• PROBLEM REQUIREMENTS:
Could you repeat every line below exactly, skipping the images?

• DATASET:
*** Begin section ***

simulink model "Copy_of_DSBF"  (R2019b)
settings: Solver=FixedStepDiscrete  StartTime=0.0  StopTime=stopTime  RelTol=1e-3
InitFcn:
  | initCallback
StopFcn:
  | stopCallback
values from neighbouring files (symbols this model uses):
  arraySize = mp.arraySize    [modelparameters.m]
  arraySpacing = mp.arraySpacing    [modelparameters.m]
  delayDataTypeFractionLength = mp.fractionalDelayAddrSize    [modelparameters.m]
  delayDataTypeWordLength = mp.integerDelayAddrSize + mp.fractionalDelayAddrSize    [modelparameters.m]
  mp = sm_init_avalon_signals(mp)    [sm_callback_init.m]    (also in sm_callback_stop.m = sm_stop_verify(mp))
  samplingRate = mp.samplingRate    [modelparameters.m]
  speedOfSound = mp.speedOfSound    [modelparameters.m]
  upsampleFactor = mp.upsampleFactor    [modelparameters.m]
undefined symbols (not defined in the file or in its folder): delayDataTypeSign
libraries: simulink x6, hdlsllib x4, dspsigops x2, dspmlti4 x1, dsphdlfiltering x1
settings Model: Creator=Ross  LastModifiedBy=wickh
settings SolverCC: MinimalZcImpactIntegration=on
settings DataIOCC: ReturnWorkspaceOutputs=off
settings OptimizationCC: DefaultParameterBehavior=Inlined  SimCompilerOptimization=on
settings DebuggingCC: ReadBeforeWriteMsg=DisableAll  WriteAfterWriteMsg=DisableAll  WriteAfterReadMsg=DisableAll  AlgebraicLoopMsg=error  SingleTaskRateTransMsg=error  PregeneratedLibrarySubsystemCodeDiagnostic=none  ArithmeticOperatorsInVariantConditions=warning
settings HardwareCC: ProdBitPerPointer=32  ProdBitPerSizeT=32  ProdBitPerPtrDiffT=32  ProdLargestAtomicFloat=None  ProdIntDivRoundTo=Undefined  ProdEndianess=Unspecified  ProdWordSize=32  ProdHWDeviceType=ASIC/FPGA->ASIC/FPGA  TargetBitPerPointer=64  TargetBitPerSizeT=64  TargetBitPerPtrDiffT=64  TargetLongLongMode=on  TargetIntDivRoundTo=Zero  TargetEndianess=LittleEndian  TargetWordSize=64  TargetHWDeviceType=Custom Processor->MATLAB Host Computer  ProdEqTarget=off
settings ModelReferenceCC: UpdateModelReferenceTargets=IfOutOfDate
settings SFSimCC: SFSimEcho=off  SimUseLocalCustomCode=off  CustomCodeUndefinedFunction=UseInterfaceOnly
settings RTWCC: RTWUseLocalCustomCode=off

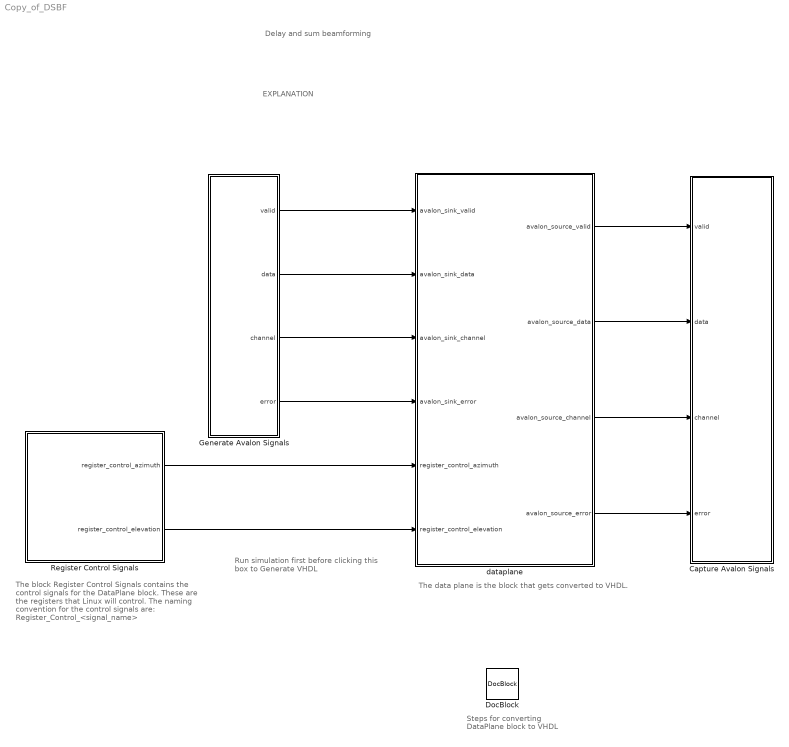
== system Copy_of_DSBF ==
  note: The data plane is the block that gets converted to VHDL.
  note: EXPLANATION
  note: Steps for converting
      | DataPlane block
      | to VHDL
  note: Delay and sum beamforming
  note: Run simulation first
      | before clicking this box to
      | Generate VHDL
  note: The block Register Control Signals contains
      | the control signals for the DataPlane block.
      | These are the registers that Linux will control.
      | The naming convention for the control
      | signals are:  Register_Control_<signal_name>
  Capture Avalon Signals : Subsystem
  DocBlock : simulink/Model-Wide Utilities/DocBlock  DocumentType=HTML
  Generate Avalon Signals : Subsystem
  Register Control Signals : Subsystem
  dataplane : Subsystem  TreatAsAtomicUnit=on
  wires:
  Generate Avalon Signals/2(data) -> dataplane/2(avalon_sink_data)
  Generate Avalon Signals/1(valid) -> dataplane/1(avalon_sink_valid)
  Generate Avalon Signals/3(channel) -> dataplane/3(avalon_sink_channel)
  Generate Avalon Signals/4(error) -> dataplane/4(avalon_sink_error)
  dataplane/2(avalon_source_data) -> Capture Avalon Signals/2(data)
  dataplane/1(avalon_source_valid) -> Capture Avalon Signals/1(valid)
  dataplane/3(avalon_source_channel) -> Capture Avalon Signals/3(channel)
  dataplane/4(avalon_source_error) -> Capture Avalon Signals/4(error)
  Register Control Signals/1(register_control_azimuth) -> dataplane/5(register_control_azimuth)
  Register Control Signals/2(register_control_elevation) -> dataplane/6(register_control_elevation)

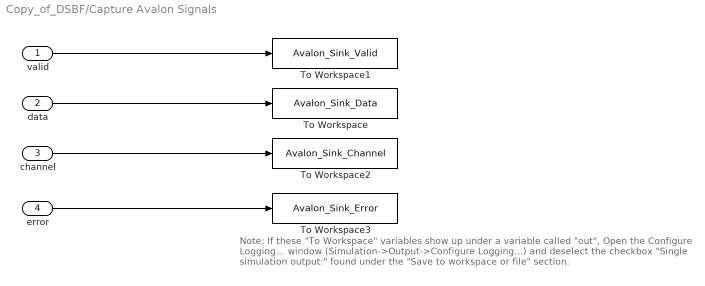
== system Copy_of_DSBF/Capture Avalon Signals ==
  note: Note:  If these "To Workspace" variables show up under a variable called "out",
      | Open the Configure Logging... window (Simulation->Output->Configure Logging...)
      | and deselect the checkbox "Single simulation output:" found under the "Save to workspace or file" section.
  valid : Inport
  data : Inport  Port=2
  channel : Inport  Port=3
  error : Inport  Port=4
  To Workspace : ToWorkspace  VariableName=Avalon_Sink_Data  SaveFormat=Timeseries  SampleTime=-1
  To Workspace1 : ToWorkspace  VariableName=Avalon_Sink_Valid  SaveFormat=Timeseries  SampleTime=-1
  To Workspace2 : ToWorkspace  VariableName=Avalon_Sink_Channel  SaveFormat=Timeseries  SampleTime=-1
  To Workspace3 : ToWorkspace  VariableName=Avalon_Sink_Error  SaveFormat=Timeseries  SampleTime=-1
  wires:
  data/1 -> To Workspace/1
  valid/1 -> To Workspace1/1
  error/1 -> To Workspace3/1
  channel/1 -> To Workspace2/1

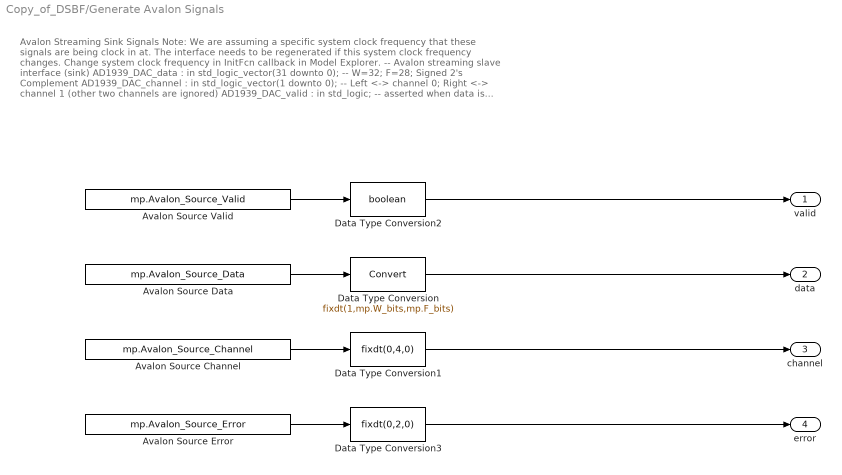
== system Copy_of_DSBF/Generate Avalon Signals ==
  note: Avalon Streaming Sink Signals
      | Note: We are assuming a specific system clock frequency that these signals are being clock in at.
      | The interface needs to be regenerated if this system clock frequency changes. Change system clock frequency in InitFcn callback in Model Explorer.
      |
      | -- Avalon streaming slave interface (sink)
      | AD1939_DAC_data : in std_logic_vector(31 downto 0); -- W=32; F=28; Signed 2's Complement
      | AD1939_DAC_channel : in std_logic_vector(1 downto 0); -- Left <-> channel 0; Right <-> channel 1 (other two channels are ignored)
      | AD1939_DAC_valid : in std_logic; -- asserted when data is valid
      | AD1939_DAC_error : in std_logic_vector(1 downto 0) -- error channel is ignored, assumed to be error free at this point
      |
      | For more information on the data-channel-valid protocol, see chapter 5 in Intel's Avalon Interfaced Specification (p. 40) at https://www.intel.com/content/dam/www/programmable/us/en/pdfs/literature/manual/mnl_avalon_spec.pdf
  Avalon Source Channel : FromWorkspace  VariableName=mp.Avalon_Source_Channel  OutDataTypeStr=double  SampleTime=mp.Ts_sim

*** End section ***

• EXERCISE RESULT:
simulink model "Copy_of_DSBF"  (R2019b)
settings: Solver=FixedStepDiscrete  StartTime=0.0  StopTime=stopTime  RelTol=1e-3
InitFcn:
  | initCallback
StopFcn:
  | stopCallback
values from neighbouring files (symbols this model uses):
  arraySize = mp.arraySize    [modelparameters.m]
  arraySpacing = mp.arraySpacing    [modelparameters.m]
  delayDataTypeFractionLength = mp.fractionalDelayAddrSize    [modelparameters.m]
  delayDataTypeWordLength = mp.integerDelayAddrSize + mp.fractionalDelayAddrSize    [modelparameters.m]
  mp = sm_init_avalon_signals(mp)    [sm_callback_init.m]    (also in sm_callback_stop.m = sm_stop_verify(mp))
  samplingRate = mp.samplingRate    [modelparameters.m]
  speedOfSound = mp.speedOfSound    [modelparameters.m]
  upsampleFactor = mp.upsampleFactor    [modelparameters.m]
undefined symbols (not defined in the file or in its folder): delayDataTypeSign
libraries: simulink x6, hdlsllib x4, dspsigops x2, dspmlti4 x1, dsphdlfiltering x1
settings Model: Creator=Ross  LastModifiedBy=wickh
settings SolverCC: MinimalZcImpactIntegration=on
settings DataIOCC: ReturnWorkspaceOutputs=off
settings OptimizationCC: DefaultParameterBehavior=Inlined  SimCompilerOptimization=on
settings DebuggingCC: ReadBeforeWriteMsg=DisableAll  WriteAfterWriteMsg=DisableAll  WriteAfterReadMsg=DisableAll  AlgebraicLoopMsg=error  SingleTaskRateTransMsg=error  PregeneratedLibrarySubsystemCodeDiagnostic=none  ArithmeticOperatorsInVariantConditions=warning
settings HardwareCC: ProdBitPerPointer=32  ProdBitPerSizeT=32  ProdBitPerPtrDiffT=32  ProdLargestAtomicFloat=None  ProdIntDivRoundTo=Undefined  ProdEndianess=Unspecified  ProdWordSize=32  ProdHWDeviceType=ASIC/FPGA->ASIC/FPGA  TargetBitPerPointer=64  TargetBitPerSizeT=64  TargetBitPerPtrDiffT=64  TargetLongLongMode=on  TargetIntDivRoundTo=Zero  TargetEndianess=LittleEndian  TargetWordSize=64  TargetHWDeviceType=Custom Processor->MATLAB Host Computer  ProdEqTarget=off
settings ModelReferenceCC: UpdateModelReferenceTargets=IfOutOfDate
settings SFSimCC: SFSimEcho=off  SimUseLocalCustomCode=off  CustomCodeUndefinedFunction=UseInterfaceOnly
settings RTWCC: RTWUseLocalCustomCode=off

== system Copy_of_DSBF ==
  note: The data plane is the block that gets converted to VHDL.
  note: EXPLANATION
  note: Steps for converting
      | DataPlane block
      | to VHDL
  note: Delay and sum beamforming
  note: Run simulation first
      | before clicking this box to
      | Generate VHDL
  note: The block Register Control Signals contains
      | the control signals for the DataPlane block.
      | These are the registers that Linux will control.
      | The naming convention for the control
      | signals are:  Register_Control_<signal_name>
  Capture Avalon Signals : Subsystem
  DocBlock : simulink/Model-Wide Utilities/DocBlock  DocumentType=HTML
  Generate Avalon Signals : Subsystem
  Register Control Signals : Subsystem
  dataplane : Subsystem  TreatAsAtomicUnit=on
  wires:
  Generate Avalon Signals/2(data) -> dataplane/2(avalon_sink_data)
  Generate Avalon Signals/1(valid) -> dataplane/1(avalon_sink_valid)
  Generate Avalon Signals/3(channel) -> dataplane/3(avalon_sink_channel)
  Generate Avalon Signals/4(error) -> dataplane/4(avalon_sink_error)
  dataplane/2(avalon_source_data) -> Capture Avalon Signals/2(data)
  dataplane/1(avalon_source_valid) -> Capture Avalon Signals/1(valid)
  dataplane/3(avalon_source_channel) -> Capture Avalon Signals/3(channel)
  dataplane/4(avalon_source_error) -> Capture Avalon Signals/4(error)
  Register Control Signals/1(register_control_azimuth) -> dataplane/5(register_control_azimuth)
  Register Control Signals/2(register_control_elevation) -> dataplane/6(register_control_elevation)

== system Copy_of_DSBF/Capture Avalon Signals ==
  note: Note:  If these "To Workspace" variables show up under a variable called "out",
      | Open the Configure Logging... window (Simulation->Output->Configure Logging...)
      | and deselect the checkbox "Single simulation output:" found under the "Save to workspace or file" section.
  valid : Inport
  data : Inport  Port=2
  channel : Inport  Port=3
  error : Inport  Port=4
  To Workspace : ToWorkspace  VariableName=Avalon_Sink_Data  SaveFormat=Timeseries  SampleTime=-1
  To Workspace1 : ToWorkspace  VariableName=Avalon_Sink_Valid  SaveFormat=Timeseries  SampleTime=-1
  To Workspace2 : ToWorkspace  VariableName=Avalon_Sink_Channel  SaveFormat=Timeseries  SampleTime=-1
  To Workspace3 : ToWorkspace  VariableName=Avalon_Sink_Error  SaveFormat=Timeseries  SampleTime=-1
  wires:
  data/1 -> To Workspace/1
  valid/1 -> To Workspace1/1
  error/1 -> To Workspace3/1
  channel/1 -> To Workspace2/1

== system Copy_of_DSBF/Generate Avalon Signals ==
  note: Avalon Streaming Sink Signals
      | Note: We are assuming a specific system clock frequency that these signals are being clock in at.
      | The interface needs to be regenerated if this system clock frequency changes. Change system clock frequency in InitFcn callback in Model Explorer.
      |
      | -- Avalon streaming slave interface (sink)
      | AD1939_DAC_data : in std_logic_vector(31 downto 0); -- W=32; F=28; Signed 2's Complement
      | AD1939_DAC_channel : in std_logic_vector(1 downto 0); -- Left <-> channel 0; Right <-> channel 1 (other two channels are ignored)
      | AD1939_DAC_valid : in std_logic; -- asserted when data is valid
      | AD1939_DAC_error : in std_logic_vector(1 downto 0) -- error channel is ignored, assumed to be error free at this point
      |
      | For more information on the data-channel-valid protocol, see chapter 5 in Intel's Avalon Interfaced Specification (p. 40) at https://www.intel.com/content/dam/www/programmable/us/en/pdfs/literature/manual/mnl_avalon_spec.pdf
  Avalon Source Channel : FromWorkspace  VariableName=mp.Avalon_Source_Channel  OutDataTypeStr=double  SampleTime=mp.Ts_sim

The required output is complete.